(Christian Science Monitor) Around the country today, hundreds – perhaps thousands – of high schoolers are bringing pot to school, and they’re doing it legally. Not to get stoned, but as part of prescribed medical treatment. And they don’t have to tell school authorities about it.
This is putting teachers and principals in a new and challenging position. In many counties and school districts, there are no clear guidelines – for school officials, students, or parents.
“This is all just kind of starting to happen,” high school principal Jeff Schlecht told the Ashland Daily Tidings in Oregon. “It does place us in an awkward position.”
For many students, the issue comes as no surprise.
“I’ve known about this for four years,” Ashland senior Wesley Davis, 17, told the newspaper. “Some of them have it for medical reasons, but others are just trying to get free weed and sell it, turn it around.”

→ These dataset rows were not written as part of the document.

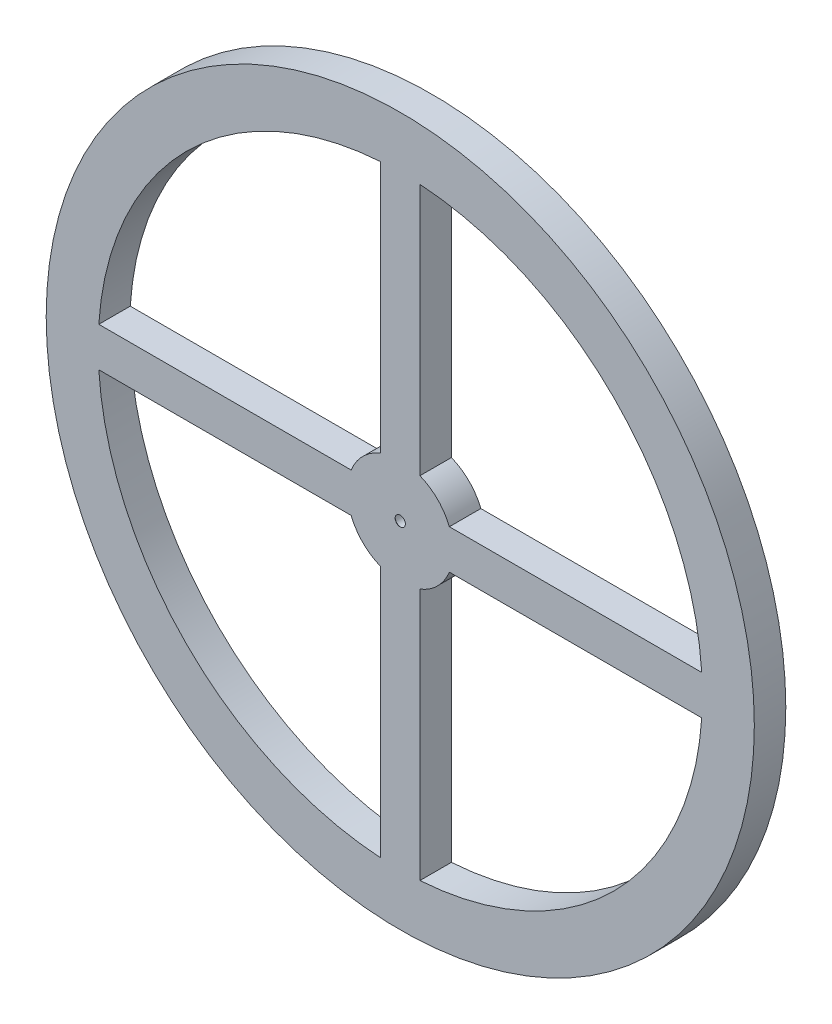
ISO-10303-21;
HEADER;
FILE_DESCRIPTION(('STEP AP214'),'2;1');
FILE_NAME('part.step','',(''),(''),'','','');
FILE_SCHEMA(('AUTOMOTIVE_DESIGN { 1 0 10303 214 1 1 1 1 }'));
ENDSEC;
DATA;
#1=APPLICATION_CONTEXT('core data for automotive mechanical design processes');
#2=APPLICATION_PROTOCOL_DEFINITION('international standard','automotive_design',2000,#1);
#3=PRODUCT_CONTEXT('',#1,'mechanical');
#4=PRODUCT('Part','Part','',(#3));
#5=PRODUCT_RELATED_PRODUCT_CATEGORY('part','',(#4));
#6=PRODUCT_DEFINITION_FORMATION('','',#4);
#7=PRODUCT_DEFINITION_CONTEXT('part definition',#1,'design');
#8=PRODUCT_DEFINITION('design','',#6,#7);
#9=PRODUCT_DEFINITION_SHAPE('','',#8);
#10=(LENGTH_UNIT() NAMED_UNIT(*) SI_UNIT(.MILLI.,.METRE.));
#11=(NAMED_UNIT(*) PLANE_ANGLE_UNIT() SI_UNIT($,.RADIAN.));
#12=(NAMED_UNIT(*) SI_UNIT($,.STERADIAN.) SOLID_ANGLE_UNIT());
#13=UNCERTAINTY_MEASURE_WITH_UNIT(LENGTH_MEASURE(1.E-05),#10,'distance_accuracy_value','');
#14=(GEOMETRIC_REPRESENTATION_CONTEXT(3) GLOBAL_UNCERTAINTY_ASSIGNED_CONTEXT((#13)) GLOBAL_UNIT_ASSIGNED_CONTEXT((#10,
#11,#12)) REPRESENTATION_CONTEXT('',''));
#15=CARTESIAN_POINT('',(0.,0.,0.));
#16=DIRECTION('',(0.,0.,1.));
#17=DIRECTION('',(1.,0.,0.));
#18=AXIS2_PLACEMENT_3D('',#15,#16,#17);
#19=CARTESIAN_POINT('',(0.,0.,4.));
#20=DIRECTION('',(0.,0.,-1.));
#21=DIRECTION('',(-1.,0.,0.));
#22=AXIS2_PLACEMENT_3D('',#19,#20,#21);
#23=CYLINDRICAL_SURFACE('',#22,45.);
#24=CARTESIAN_POINT('',(0.,0.,4.));
#25=DIRECTION('',(0.,0.,1.));
#26=DIRECTION('',(1.,0.,0.));
#27=AXIS2_PLACEMENT_3D('',#24,#25,#26);
#28=CIRCLE('',#27,45.);
#29=CARTESIAN_POINT('',(45.,0.,4.));
#30=VERTEX_POINT('',#29);
#31=EDGE_CURVE('E11',#30,#30,#28,.T.);
#32=ORIENTED_EDGE('',*,*,#31,.F.);
#33=EDGE_LOOP('',(#32));
#34=FACE_BOUND('',#33,.T.);
#35=CARTESIAN_POINT('',(0.,0.,0.));
#36=DIRECTION('',(0.,0.,1.));
#37=DIRECTION('',(1.,0.,0.));
#38=AXIS2_PLACEMENT_3D('',#35,#36,#37);
#39=CIRCLE('',#38,45.);
#40=CARTESIAN_POINT('',(45.,0.,0.));
#41=VERTEX_POINT('',#40);
#42=EDGE_CURVE('E54',#41,#41,#39,.T.);
#43=ORIENTED_EDGE('',*,*,#42,.T.);
#44=EDGE_LOOP('',(#43));
#45=FACE_BOUND('',#44,.T.);
#46=ADVANCED_FACE('F46',(#34,#45),#23,.T.);
#47=CARTESIAN_POINT('',(0.,0.,4.));
#48=DIRECTION('',(0.,0.,1.));
#49=DIRECTION('',(1.,0.,0.));
#50=AXIS2_PLACEMENT_3D('',#47,#48,#49);
#51=PLANE('',#50);
#52=CARTESIAN_POINT('',(0.,0.,4.));
#53=DIRECTION('',(0.,0.,1.));
#54=DIRECTION('',(1.,0.,0.));
#55=AXIS2_PLACEMENT_3D('',#52,#53,#54);
#56=CIRCLE('',#55,38.3947318536654);
#57=CARTESIAN_POINT('',(-38.3132540267055,-2.5,4.));
#58=VERTEX_POINT('',#57);
#59=CARTESIAN_POINT('',(-2.5,-38.3132540267055,4.));
#60=VERTEX_POINT('',#59);
#61=EDGE_CURVE('E62',#58,#60,#56,.T.);
#62=ORIENTED_EDGE('',*,*,#61,.F.);
#63=DIRECTION('',(-1.,0.,0.));
#64=VECTOR('',#63,1.);
#65=CARTESIAN_POINT('',(-38.3132540267055,-2.5,4.));
#66=LINE('',#65,#64);
#67=CARTESIAN_POINT('',(-6.24139161433145,-2.5,4.));
#68=VERTEX_POINT('',#67);
#69=EDGE_CURVE('E178',#68,#58,#66,.T.);
#70=ORIENTED_EDGE('',*,*,#69,.F.);
#71=CARTESIAN_POINT('',(0.,0.,4.));
#72=DIRECTION('',(0.,0.,-1.));
#73=DIRECTION('',(1.,0.,0.));
#74=AXIS2_PLACEMENT_3D('',#71,#72,#73);
#75=CIRCLE('',#74,6.72346408359909);
#76=CARTESIAN_POINT('',(-2.5,-6.24139161433145,4.));
#77=VERTEX_POINT('',#76);
#78=EDGE_CURVE('E181',#77,#68,#75,.T.);
#79=ORIENTED_EDGE('',*,*,#78,.F.);
#80=DIRECTION('',(0.,1.,0.));
#81=VECTOR('',#80,1.);
#82=CARTESIAN_POINT('',(-2.5,-38.3132540267055,4.));
#83=LINE('',#82,#81);
#84=EDGE_CURVE('E187',#60,#77,#83,.T.);
#85=ORIENTED_EDGE('',*,*,#84,.F.);
#86=EDGE_LOOP('',(#62,#70,#79,#85));
#87=FACE_BOUND('',#86,.T.);
#88=CARTESIAN_POINT('',(0.,0.,4.));
#89=DIRECTION('',(0.,0.,1.));
#90=DIRECTION('',(1.,0.,0.));
#91=AXIS2_PLACEMENT_3D('',#88,#89,#90);
#92=CIRCLE('',#91,38.3947318536654);
#93=CARTESIAN_POINT('',(2.5,-38.3132540267055,4.));
#94=VERTEX_POINT('',#93);
#95=CARTESIAN_POINT('',(38.3132540267056,-2.5,4.));
#96=VERTEX_POINT('',#95);
#97=EDGE_CURVE('E193',#94,#96,#92,.T.);
#98=ORIENTED_EDGE('',*,*,#97,.F.);
#99=DIRECTION('',(0.,-1.,0.));
#100=VECTOR('',#99,1.);
#101=CARTESIAN_POINT('',(2.5,-38.3132540267055,4.));
#102=LINE('',#101,#100);
#103=CARTESIAN_POINT('',(2.5,-6.24139161433146,4.));
#104=VERTEX_POINT('',#103);
#105=EDGE_CURVE('E201',#104,#94,#102,.T.);
#106=ORIENTED_EDGE('',*,*,#105,.F.);
#107=CARTESIAN_POINT('',(0.,0.,4.));
#108=DIRECTION('',(0.,0.,-1.));
#109=DIRECTION('',(1.,0.,0.));
#110=AXIS2_PLACEMENT_3D('',#107,#108,#109);
#111=CIRCLE('',#110,6.72346408359909);
#112=CARTESIAN_POINT('',(6.24139161433146,-2.5,4.));
#113=VERTEX_POINT('',#112);
#114=EDGE_CURVE('E215',#113,#104,#111,.T.);
#115=ORIENTED_EDGE('',*,*,#114,.F.);
#116=DIRECTION('',(-1.,0.,0.));
#117=VECTOR('',#116,1.);
#118=CARTESIAN_POINT('',(6.24139161433146,-2.5,4.));
#119=LINE('',#118,#117);
#120=EDGE_CURVE('E212',#96,#113,#119,.T.);
#121=ORIENTED_EDGE('',*,*,#120,.F.);
#122=EDGE_LOOP('',(#98,#106,#115,#121));
#123=FACE_BOUND('',#122,.T.);
#124=CARTESIAN_POINT('',(0.,0.,4.));
#125=DIRECTION('',(0.,0.,1.));
#126=DIRECTION('',(1.,0.,0.));
#127=AXIS2_PLACEMENT_3D('',#124,#125,#126);
#128=CIRCLE('',#127,38.3947318536654);
#129=CARTESIAN_POINT('',(-2.5,38.3132540267055,4.));
#130=VERTEX_POINT('',#129);
#131=CARTESIAN_POINT('',(-38.3132540267055,2.5,4.));
#132=VERTEX_POINT('',#131);
#133=EDGE_CURVE('E222',#130,#132,#128,.T.);
#134=ORIENTED_EDGE('',*,*,#133,.F.);
#135=DIRECTION('',(0.,1.,0.));
#136=VECTOR('',#135,1.);
#137=CARTESIAN_POINT('',(-2.5,6.24139161433146,4.));
#138=LINE('',#137,#136);
#139=CARTESIAN_POINT('',(-2.5,6.24139161433146,4.));
#140=VERTEX_POINT('',#139);
#141=EDGE_CURVE('E233',#140,#130,#138,.T.);
#142=ORIENTED_EDGE('',*,*,#141,.F.);
#143=CARTESIAN_POINT('',(0.,0.,4.));
#144=DIRECTION('',(0.,0.,-1.));
#145=DIRECTION('',(1.,0.,0.));
#146=AXIS2_PLACEMENT_3D('',#143,#144,#145);
#147=CIRCLE('',#146,6.72346408359909);
#148=CARTESIAN_POINT('',(-6.24139161433145,2.5,4.));
#149=VERTEX_POINT('',#148);
#150=EDGE_CURVE('E247',#149,#140,#147,.T.);
#151=ORIENTED_EDGE('',*,*,#150,.F.);
#152=DIRECTION('',(1.,0.,0.));
#153=VECTOR('',#152,1.);
#154=CARTESIAN_POINT('',(-38.3132540267055,2.5,4.));
#155=LINE('',#154,#153);
#156=EDGE_CURVE('E244',#132,#149,#155,.T.);
#157=ORIENTED_EDGE('',*,*,#156,.F.);
#158=EDGE_LOOP('',(#134,#142,#151,#157));
#159=FACE_BOUND('',#158,.T.);
#160=CARTESIAN_POINT('',(0.,0.,4.));
#161=DIRECTION('',(0.,0.,1.));
#162=DIRECTION('',(1.,0.,0.));
#163=AXIS2_PLACEMENT_3D('',#160,#161,#162);
#164=CIRCLE('',#163,38.3947318536654);
#165=CARTESIAN_POINT('',(38.3132540267056,2.5,4.));
#166=VERTEX_POINT('',#165);
#167=CARTESIAN_POINT('',(2.5,38.3132540267055,4.));
#168=VERTEX_POINT('',#167);
#169=EDGE_CURVE('E254',#166,#168,#164,.T.);
#170=ORIENTED_EDGE('',*,*,#169,.F.);
#171=DIRECTION('',(1.,0.,0.));
#172=VECTOR('',#171,1.);
#173=CARTESIAN_POINT('',(6.24139161433146,2.5,4.));
#174=LINE('',#173,#172);
#175=CARTESIAN_POINT('',(6.24139161433146,2.5,4.));
#176=VERTEX_POINT('',#175);
#177=EDGE_CURVE('E265',#176,#166,#174,.T.);
#178=ORIENTED_EDGE('',*,*,#177,.F.);
#179=CARTESIAN_POINT('',(0.,0.,4.));
#180=DIRECTION('',(0.,0.,-1.));
#181=DIRECTION('',(1.,0.,0.));
#182=AXIS2_PLACEMENT_3D('',#179,#180,#181);
#183=CIRCLE('',#182,6.72346408359909);
#184=CARTESIAN_POINT('',(2.5,6.24139161433146,4.));
#185=VERTEX_POINT('',#184);
#186=EDGE_CURVE('E279',#185,#176,#183,.T.);
#187=ORIENTED_EDGE('',*,*,#186,.F.);
#188=DIRECTION('',(0.,-1.,0.));
#189=VECTOR('',#188,1.);
#190=CARTESIAN_POINT('',(2.5,6.24139161433146,4.));
#191=LINE('',#190,#189);
#192=EDGE_CURVE('E276',#168,#185,#191,.T.);
#193=ORIENTED_EDGE('',*,*,#192,.F.);
#194=EDGE_LOOP('',(#170,#178,#187,#193));
#195=FACE_BOUND('',#194,.T.);
#196=CARTESIAN_POINT('',(0.,0.,3.99999999999998));
#197=DIRECTION('',(0.,0.,1.));
#198=DIRECTION('',(1.,0.,0.));
#199=AXIS2_PLACEMENT_3D('',#196,#197,#198);
#200=CIRCLE('',#199,0.649999999999998);
#201=CARTESIAN_POINT('',(0.649999999999998,0.,3.99999999999998));
#202=VERTEX_POINT('',#201);
#203=EDGE_CURVE('E286',#202,#202,#200,.T.);
#204=ORIENTED_EDGE('',*,*,#203,.F.);
#205=EDGE_LOOP('',(#204));
#206=FACE_BOUND('',#205,.T.);
#207=ORIENTED_EDGE('',*,*,#31,.T.);
#208=EDGE_LOOP('',(#207));
#209=FACE_BOUND('',#208,.T.);
#210=ADVANCED_FACE('F317',(#87,#123,#159,#195,#206,#209),#51,.T.);
#211=CARTESIAN_POINT('',(0.,0.,0.));
#212=DIRECTION('',(0.,0.,1.));
#213=DIRECTION('',(1.,0.,0.));
#214=AXIS2_PLACEMENT_3D('',#211,#212,#213);
#215=PLANE('',#214);
#216=DIRECTION('',(-1.,0.,0.));
#217=VECTOR('',#216,1.);
#218=CARTESIAN_POINT('',(-38.3132540267055,-2.5,0.));
#219=LINE('',#218,#217);
#220=CARTESIAN_POINT('',(-6.24139161433145,-2.5,0.));
#221=VERTEX_POINT('',#220);
#222=CARTESIAN_POINT('',(-38.3132540267055,-2.5,0.));
#223=VERTEX_POINT('',#222);
#224=EDGE_CURVE('E168',#221,#223,#219,.T.);
#225=ORIENTED_EDGE('',*,*,#224,.T.);
#226=CARTESIAN_POINT('',(0.,0.,0.));
#227=DIRECTION('',(0.,0.,1.));
#228=DIRECTION('',(1.,0.,0.));
#229=AXIS2_PLACEMENT_3D('',#226,#227,#228);
#230=CIRCLE('',#229,38.3947318536654);
#231=CARTESIAN_POINT('',(-2.5,-38.3132540267055,0.));
#232=VERTEX_POINT('',#231);
#233=EDGE_CURVE('E162',#223,#232,#230,.T.);
#234=ORIENTED_EDGE('',*,*,#233,.T.);
#235=DIRECTION('',(0.,1.,0.));
#236=VECTOR('',#235,1.);
#237=CARTESIAN_POINT('',(-2.5,-38.3132540267055,0.));
#238=LINE('',#237,#236);
#239=CARTESIAN_POINT('',(-2.5,-6.24139161433145,0.));
#240=VERTEX_POINT('',#239);
#241=EDGE_CURVE('E171',#232,#240,#238,.T.);
#242=ORIENTED_EDGE('',*,*,#241,.T.);
#243=CARTESIAN_POINT('',(0.,0.,0.));
#244=DIRECTION('',(0.,0.,-1.));
#245=DIRECTION('',(1.,0.,0.));
#246=AXIS2_PLACEMENT_3D('',#243,#244,#245);
#247=CIRCLE('',#246,6.72346408359909);
#248=EDGE_CURVE('E70',#240,#221,#247,.T.);
#249=ORIENTED_EDGE('',*,*,#248,.T.);
#250=EDGE_LOOP('',(#225,#234,#242,#249));
#251=FACE_BOUND('',#250,.T.);
#252=DIRECTION('',(0.,-1.,0.));
#253=VECTOR('',#252,1.);
#254=CARTESIAN_POINT('',(2.5,-38.3132540267055,0.));
#255=LINE('',#254,#253);
#256=CARTESIAN_POINT('',(2.5,-6.24139161433146,0.));
#257=VERTEX_POINT('',#256);
#258=CARTESIAN_POINT('',(2.5,-38.3132540267055,0.));
#259=VERTEX_POINT('',#258);
#260=EDGE_CURVE('E207',#257,#259,#255,.T.);
#261=ORIENTED_EDGE('',*,*,#260,.T.);
#262=CARTESIAN_POINT('',(0.,0.,0.));
#263=DIRECTION('',(0.,0.,1.));
#264=DIRECTION('',(1.,0.,0.));
#265=AXIS2_PLACEMENT_3D('',#262,#263,#264);
#266=CIRCLE('',#265,38.3947318536654);
#267=CARTESIAN_POINT('',(38.3132540267056,-2.5,0.));
#268=VERTEX_POINT('',#267);
#269=EDGE_CURVE('E197',#259,#268,#266,.T.);
#270=ORIENTED_EDGE('',*,*,#269,.T.);
#271=DIRECTION('',(-1.,0.,0.));
#272=VECTOR('',#271,1.);
#273=CARTESIAN_POINT('',(6.24139161433146,-2.5,0.));
#274=LINE('',#273,#272);
#275=CARTESIAN_POINT('',(6.24139161433146,-2.5,0.));
#276=VERTEX_POINT('',#275);
#277=EDGE_CURVE('E200',#268,#276,#274,.T.);
#278=ORIENTED_EDGE('',*,*,#277,.T.);
#279=CARTESIAN_POINT('',(0.,0.,0.));
#280=DIRECTION('',(0.,0.,-1.));
#281=DIRECTION('',(1.,0.,0.));
#282=AXIS2_PLACEMENT_3D('',#279,#280,#281);
#283=CIRCLE('',#282,6.72346408359909);
#284=EDGE_CURVE('E204',#276,#257,#283,.T.);
#285=ORIENTED_EDGE('',*,*,#284,.T.);
#286=EDGE_LOOP('',(#261,#270,#278,#285));
#287=FACE_BOUND('',#286,.T.);
#288=DIRECTION('',(0.,1.,0.));
#289=VECTOR('',#288,1.);
#290=CARTESIAN_POINT('',(-2.5,6.24139161433146,0.));
#291=LINE('',#290,#289);
#292=CARTESIAN_POINT('',(-2.5,6.24139161433146,0.));
#293=VERTEX_POINT('',#292);
#294=CARTESIAN_POINT('',(-2.5,38.3132540267055,0.));
#295=VERTEX_POINT('',#294);
#296=EDGE_CURVE('E239',#293,#295,#291,.T.);
#297=ORIENTED_EDGE('',*,*,#296,.T.);
#298=CARTESIAN_POINT('',(0.,0.,0.));
#299=DIRECTION('',(0.,0.,1.));
#300=DIRECTION('',(1.,0.,0.));
#301=AXIS2_PLACEMENT_3D('',#298,#299,#300);
#302=CIRCLE('',#301,38.3947318536654);
#303=CARTESIAN_POINT('',(-38.3132540267055,2.5,0.));
#304=VERTEX_POINT('',#303);
#305=EDGE_CURVE('E229',#295,#304,#302,.T.);
#306=ORIENTED_EDGE('',*,*,#305,.T.);
#307=DIRECTION('',(1.,0.,0.));
#308=VECTOR('',#307,1.);
#309=CARTESIAN_POINT('',(-38.3132540267055,2.5,0.));
#310=LINE('',#309,#308);
#311=CARTESIAN_POINT('',(-6.24139161433145,2.5,0.));
#312=VERTEX_POINT('',#311);
#313=EDGE_CURVE('E232',#304,#312,#310,.T.);
#314=ORIENTED_EDGE('',*,*,#313,.T.);
#315=CARTESIAN_POINT('',(0.,0.,0.));
#316=DIRECTION('',(0.,0.,-1.));
#317=DIRECTION('',(1.,0.,0.));
#318=AXIS2_PLACEMENT_3D('',#315,#316,#317);
#319=CIRCLE('',#318,6.72346408359909);
#320=EDGE_CURVE('E236',#312,#293,#319,.T.);
#321=ORIENTED_EDGE('',*,*,#320,.T.);
#322=EDGE_LOOP('',(#297,#306,#314,#321));
#323=FACE_BOUND('',#322,.T.);
#324=DIRECTION('',(1.,0.,0.));
#325=VECTOR('',#324,1.);
#326=CARTESIAN_POINT('',(6.24139161433146,2.5,0.));
#327=LINE('',#326,#325);
#328=CARTESIAN_POINT('',(6.24139161433146,2.5,0.));
#329=VERTEX_POINT('',#328);
#330=CARTESIAN_POINT('',(38.3132540267056,2.5,0.));
#331=VERTEX_POINT('',#330);
#332=EDGE_CURVE('E271',#329,#331,#327,.T.);
#333=ORIENTED_EDGE('',*,*,#332,.T.);
#334=CARTESIAN_POINT('',(0.,0.,0.));
#335=DIRECTION('',(0.,0.,1.));
#336=DIRECTION('',(1.,0.,0.));
#337=AXIS2_PLACEMENT_3D('',#334,#335,#336);
#338=CIRCLE('',#337,38.3947318536654);
#339=CARTESIAN_POINT('',(2.5,38.3132540267055,0.));
#340=VERTEX_POINT('',#339);
#341=EDGE_CURVE('E261',#331,#340,#338,.T.);
#342=ORIENTED_EDGE('',*,*,#341,.T.);
#343=DIRECTION('',(0.,-1.,0.));
#344=VECTOR('',#343,1.);
#345=CARTESIAN_POINT('',(2.5,6.24139161433146,0.));
#346=LINE('',#345,#344);
#347=CARTESIAN_POINT('',(2.5,6.24139161433146,0.));
#348=VERTEX_POINT('',#347);
#349=EDGE_CURVE('E264',#340,#348,#346,.T.);
#350=ORIENTED_EDGE('',*,*,#349,.T.);
#351=CARTESIAN_POINT('',(0.,0.,0.));
#352=DIRECTION('',(0.,0.,-1.));
#353=DIRECTION('',(1.,0.,0.));
#354=AXIS2_PLACEMENT_3D('',#351,#352,#353);
#355=CIRCLE('',#354,6.72346408359909);
#356=EDGE_CURVE('E268',#348,#329,#355,.T.);
#357=ORIENTED_EDGE('',*,*,#356,.T.);
#358=EDGE_LOOP('',(#333,#342,#350,#357));
#359=FACE_BOUND('',#358,.T.);
#360=CARTESIAN_POINT('',(0.,0.,0.));
#361=DIRECTION('',(0.,0.,1.));
#362=DIRECTION('',(1.,0.,0.));
#363=AXIS2_PLACEMENT_3D('',#360,#361,#362);
#364=CIRCLE('',#363,0.749999999999998);
#365=CARTESIAN_POINT('',(0.750000000000005,0.,0.));
#366=VERTEX_POINT('',#365);
#367=EDGE_CURVE('E49',#366,#366,#364,.T.);
#368=ORIENTED_EDGE('',*,*,#367,.T.);
#369=EDGE_LOOP('',(#368));
#370=FACE_BOUND('',#369,.T.);
#371=ORIENTED_EDGE('',*,*,#42,.F.);
#372=EDGE_LOOP('',(#371));
#373=FACE_BOUND('',#372,.T.);
#374=ADVANCED_FACE('F175',(#251,#287,#323,#359,#370,#373),#215,.F.);
#375=CARTESIAN_POINT('',(0.,0.,-12.4));
#376=DIRECTION('',(0.,0.,1.));
#377=DIRECTION('',(1.,0.,0.));
#378=AXIS2_PLACEMENT_3D('',#375,#376,#377);
#379=CYLINDRICAL_SURFACE('',#378,0.749999999999998);
#380=CARTESIAN_POINT('',(0.,0.,3.89999999999998));
#381=DIRECTION('',(0.,0.,1.));
#382=DIRECTION('',(1.,0.,0.));
#383=AXIS2_PLACEMENT_3D('',#380,#381,#382);
#384=CIRCLE('',#383,0.749999999999998);
#385=CARTESIAN_POINT('',(0.749999999999998,0.,3.89999999999998));
#386=VERTEX_POINT('',#385);
#387=EDGE_CURVE('E293',#386,#386,#384,.F.);
#388=ORIENTED_EDGE('',*,*,#387,.F.);
#389=EDGE_LOOP('',(#388));
#390=FACE_BOUND('',#389,.T.);
#391=ORIENTED_EDGE('',*,*,#367,.F.);
#392=EDGE_LOOP('',(#391));
#393=FACE_BOUND('',#392,.T.);
#394=ADVANCED_FACE('F305',(#390,#393),#379,.F.);
#395=CARTESIAN_POINT('',(0.,0.,3.99999999999998));
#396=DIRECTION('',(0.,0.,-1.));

This weekend at the Oregon NORML meeting I met a sixteen-year-old patient who uses cannabis for a rare brain disorder that builds up calcium deposits in his skull. He was there with his mom and dad, both everyday-looking parents without a hint of counterculture about them.
But again, how much is the cause of legalization for all adults compromised when teenagers talk to the media about their classmates “just trying to get free weed and sell it”? We have to show the skeptical parents that the reason the teenagers are even able to buy and sell the marijuana is because it is illegal, and that a legal regulated market for adults would bring licensed sellers who check IDs and depress the prices to the point of not being worthwhile to “turn it around.”